● **WHAT NEEDS TO BE DONE**: Scan the listing below and copy every line holding "ezdxf".

::::::

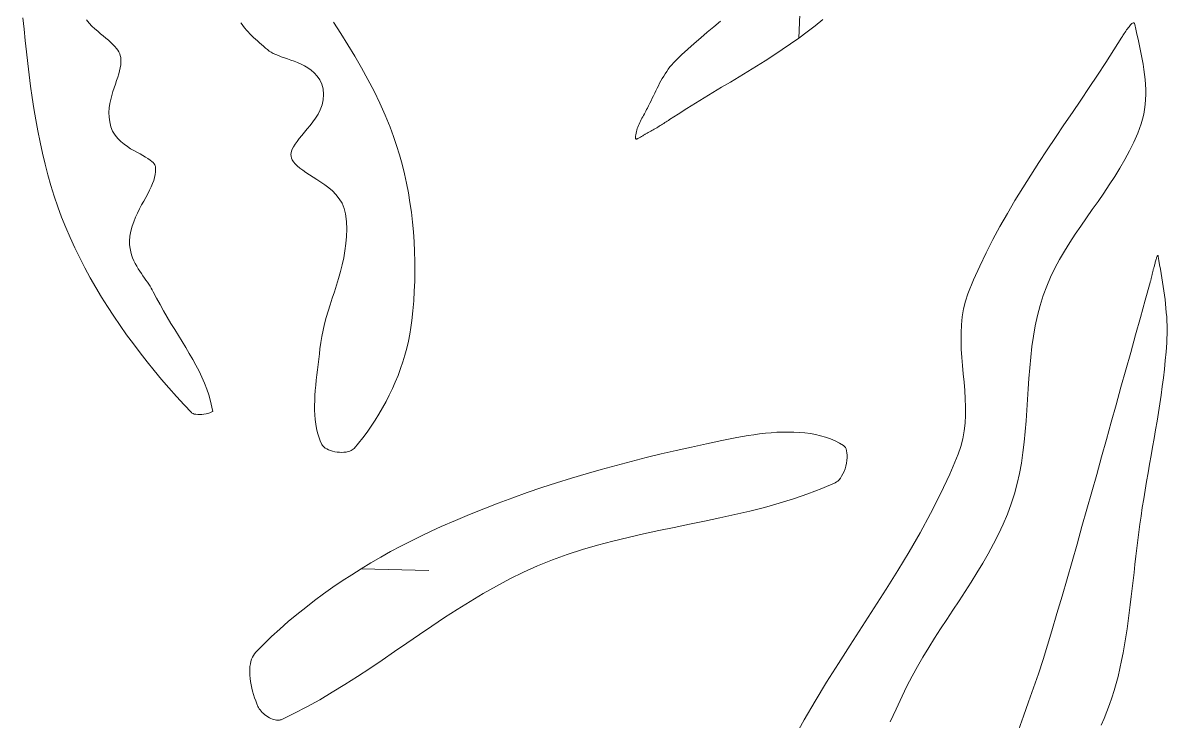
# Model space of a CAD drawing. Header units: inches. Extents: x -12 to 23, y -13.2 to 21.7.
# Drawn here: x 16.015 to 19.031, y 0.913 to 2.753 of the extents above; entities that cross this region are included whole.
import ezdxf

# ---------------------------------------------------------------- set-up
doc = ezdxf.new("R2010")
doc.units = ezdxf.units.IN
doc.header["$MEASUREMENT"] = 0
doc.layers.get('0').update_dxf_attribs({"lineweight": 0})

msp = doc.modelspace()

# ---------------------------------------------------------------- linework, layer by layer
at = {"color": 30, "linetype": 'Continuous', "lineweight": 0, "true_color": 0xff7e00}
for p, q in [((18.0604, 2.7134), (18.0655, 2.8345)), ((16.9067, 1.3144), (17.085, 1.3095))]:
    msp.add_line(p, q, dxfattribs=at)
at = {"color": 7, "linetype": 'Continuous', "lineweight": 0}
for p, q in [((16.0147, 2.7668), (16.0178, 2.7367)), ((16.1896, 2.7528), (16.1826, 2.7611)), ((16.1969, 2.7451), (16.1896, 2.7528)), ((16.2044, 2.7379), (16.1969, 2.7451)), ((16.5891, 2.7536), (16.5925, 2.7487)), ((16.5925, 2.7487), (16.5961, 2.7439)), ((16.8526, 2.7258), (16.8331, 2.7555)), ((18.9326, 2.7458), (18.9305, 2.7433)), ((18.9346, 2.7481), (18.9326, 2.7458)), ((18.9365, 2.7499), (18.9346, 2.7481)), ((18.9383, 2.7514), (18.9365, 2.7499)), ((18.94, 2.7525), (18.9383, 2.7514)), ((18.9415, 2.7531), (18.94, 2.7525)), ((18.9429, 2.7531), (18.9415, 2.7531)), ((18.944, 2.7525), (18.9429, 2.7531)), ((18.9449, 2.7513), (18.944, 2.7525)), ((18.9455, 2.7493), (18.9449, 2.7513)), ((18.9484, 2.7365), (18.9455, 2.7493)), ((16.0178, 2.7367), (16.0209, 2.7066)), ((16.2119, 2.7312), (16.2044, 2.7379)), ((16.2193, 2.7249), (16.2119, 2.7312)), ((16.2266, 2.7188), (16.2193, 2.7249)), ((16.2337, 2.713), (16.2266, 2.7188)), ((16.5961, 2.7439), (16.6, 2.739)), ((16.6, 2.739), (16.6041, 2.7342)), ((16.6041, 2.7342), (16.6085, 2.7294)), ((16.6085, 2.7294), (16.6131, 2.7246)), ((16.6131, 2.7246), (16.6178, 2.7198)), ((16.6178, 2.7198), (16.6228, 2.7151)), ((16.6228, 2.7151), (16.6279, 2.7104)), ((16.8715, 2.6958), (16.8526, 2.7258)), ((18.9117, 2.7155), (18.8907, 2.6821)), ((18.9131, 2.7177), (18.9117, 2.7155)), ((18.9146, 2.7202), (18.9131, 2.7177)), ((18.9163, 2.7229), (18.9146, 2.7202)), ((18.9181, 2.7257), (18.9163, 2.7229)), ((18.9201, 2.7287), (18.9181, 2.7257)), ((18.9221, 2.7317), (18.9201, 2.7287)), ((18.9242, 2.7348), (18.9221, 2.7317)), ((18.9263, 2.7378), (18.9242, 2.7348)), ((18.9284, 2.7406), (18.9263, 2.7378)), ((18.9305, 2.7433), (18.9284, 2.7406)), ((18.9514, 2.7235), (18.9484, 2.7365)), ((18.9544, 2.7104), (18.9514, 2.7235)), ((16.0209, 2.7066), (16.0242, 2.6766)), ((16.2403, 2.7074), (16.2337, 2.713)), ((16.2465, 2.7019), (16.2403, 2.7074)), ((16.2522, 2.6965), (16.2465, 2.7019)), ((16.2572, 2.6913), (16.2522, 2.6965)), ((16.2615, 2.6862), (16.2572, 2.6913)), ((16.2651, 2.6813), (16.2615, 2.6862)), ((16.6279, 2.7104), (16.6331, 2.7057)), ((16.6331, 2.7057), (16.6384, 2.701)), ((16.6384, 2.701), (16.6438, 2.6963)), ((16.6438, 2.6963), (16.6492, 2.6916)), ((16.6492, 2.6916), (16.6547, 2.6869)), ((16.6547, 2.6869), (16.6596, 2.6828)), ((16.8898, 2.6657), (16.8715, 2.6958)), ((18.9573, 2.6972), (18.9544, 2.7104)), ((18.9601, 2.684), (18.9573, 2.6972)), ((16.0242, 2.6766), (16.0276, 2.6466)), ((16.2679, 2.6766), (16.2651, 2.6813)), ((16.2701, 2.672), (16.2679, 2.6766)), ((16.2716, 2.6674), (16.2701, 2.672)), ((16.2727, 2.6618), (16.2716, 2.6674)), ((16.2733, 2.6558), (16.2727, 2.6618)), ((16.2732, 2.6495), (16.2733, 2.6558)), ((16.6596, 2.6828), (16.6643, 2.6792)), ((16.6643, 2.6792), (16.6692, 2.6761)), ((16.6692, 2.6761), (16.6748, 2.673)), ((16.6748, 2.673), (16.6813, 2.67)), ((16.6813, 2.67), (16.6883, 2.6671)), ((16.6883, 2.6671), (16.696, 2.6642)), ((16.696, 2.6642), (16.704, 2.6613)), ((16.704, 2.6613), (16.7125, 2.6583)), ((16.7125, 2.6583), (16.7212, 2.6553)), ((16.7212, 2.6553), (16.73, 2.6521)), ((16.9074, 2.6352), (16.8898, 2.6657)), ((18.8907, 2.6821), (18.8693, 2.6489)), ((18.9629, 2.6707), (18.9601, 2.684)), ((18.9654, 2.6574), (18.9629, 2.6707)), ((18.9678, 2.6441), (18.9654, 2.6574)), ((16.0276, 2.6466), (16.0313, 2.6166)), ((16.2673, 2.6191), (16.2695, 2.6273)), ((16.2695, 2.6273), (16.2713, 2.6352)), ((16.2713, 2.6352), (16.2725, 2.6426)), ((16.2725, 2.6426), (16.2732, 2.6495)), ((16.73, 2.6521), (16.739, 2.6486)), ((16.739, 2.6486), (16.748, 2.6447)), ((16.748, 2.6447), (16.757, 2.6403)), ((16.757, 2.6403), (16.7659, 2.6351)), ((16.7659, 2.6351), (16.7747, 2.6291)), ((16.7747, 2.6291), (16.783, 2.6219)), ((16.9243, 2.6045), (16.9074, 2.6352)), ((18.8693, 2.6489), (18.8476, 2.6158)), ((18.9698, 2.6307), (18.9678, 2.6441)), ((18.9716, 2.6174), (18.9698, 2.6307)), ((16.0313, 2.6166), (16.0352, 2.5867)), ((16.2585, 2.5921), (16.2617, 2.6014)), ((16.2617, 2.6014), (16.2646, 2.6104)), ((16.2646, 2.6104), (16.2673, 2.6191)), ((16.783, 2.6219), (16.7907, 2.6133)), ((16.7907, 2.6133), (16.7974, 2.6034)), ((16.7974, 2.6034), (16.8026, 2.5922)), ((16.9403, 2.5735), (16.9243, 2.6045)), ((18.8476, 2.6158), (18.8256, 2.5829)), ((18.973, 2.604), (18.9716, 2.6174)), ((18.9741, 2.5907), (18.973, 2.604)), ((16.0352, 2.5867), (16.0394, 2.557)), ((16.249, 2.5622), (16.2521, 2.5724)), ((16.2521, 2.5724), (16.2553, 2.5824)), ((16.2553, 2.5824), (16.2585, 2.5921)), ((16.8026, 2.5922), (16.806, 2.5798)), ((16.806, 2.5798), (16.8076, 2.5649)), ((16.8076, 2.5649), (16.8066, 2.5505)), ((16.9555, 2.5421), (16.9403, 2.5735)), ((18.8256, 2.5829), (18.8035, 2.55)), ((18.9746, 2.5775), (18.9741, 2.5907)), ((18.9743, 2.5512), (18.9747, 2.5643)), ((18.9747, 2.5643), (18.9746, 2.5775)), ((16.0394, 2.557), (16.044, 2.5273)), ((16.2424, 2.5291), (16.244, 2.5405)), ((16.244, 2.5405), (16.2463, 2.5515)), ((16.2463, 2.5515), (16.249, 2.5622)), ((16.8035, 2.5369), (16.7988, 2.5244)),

::::::

● **TASK RESPONSE**:
import ezdxf
doc = ezdxf.new("R2010")
doc.units = ezdxf.units.IN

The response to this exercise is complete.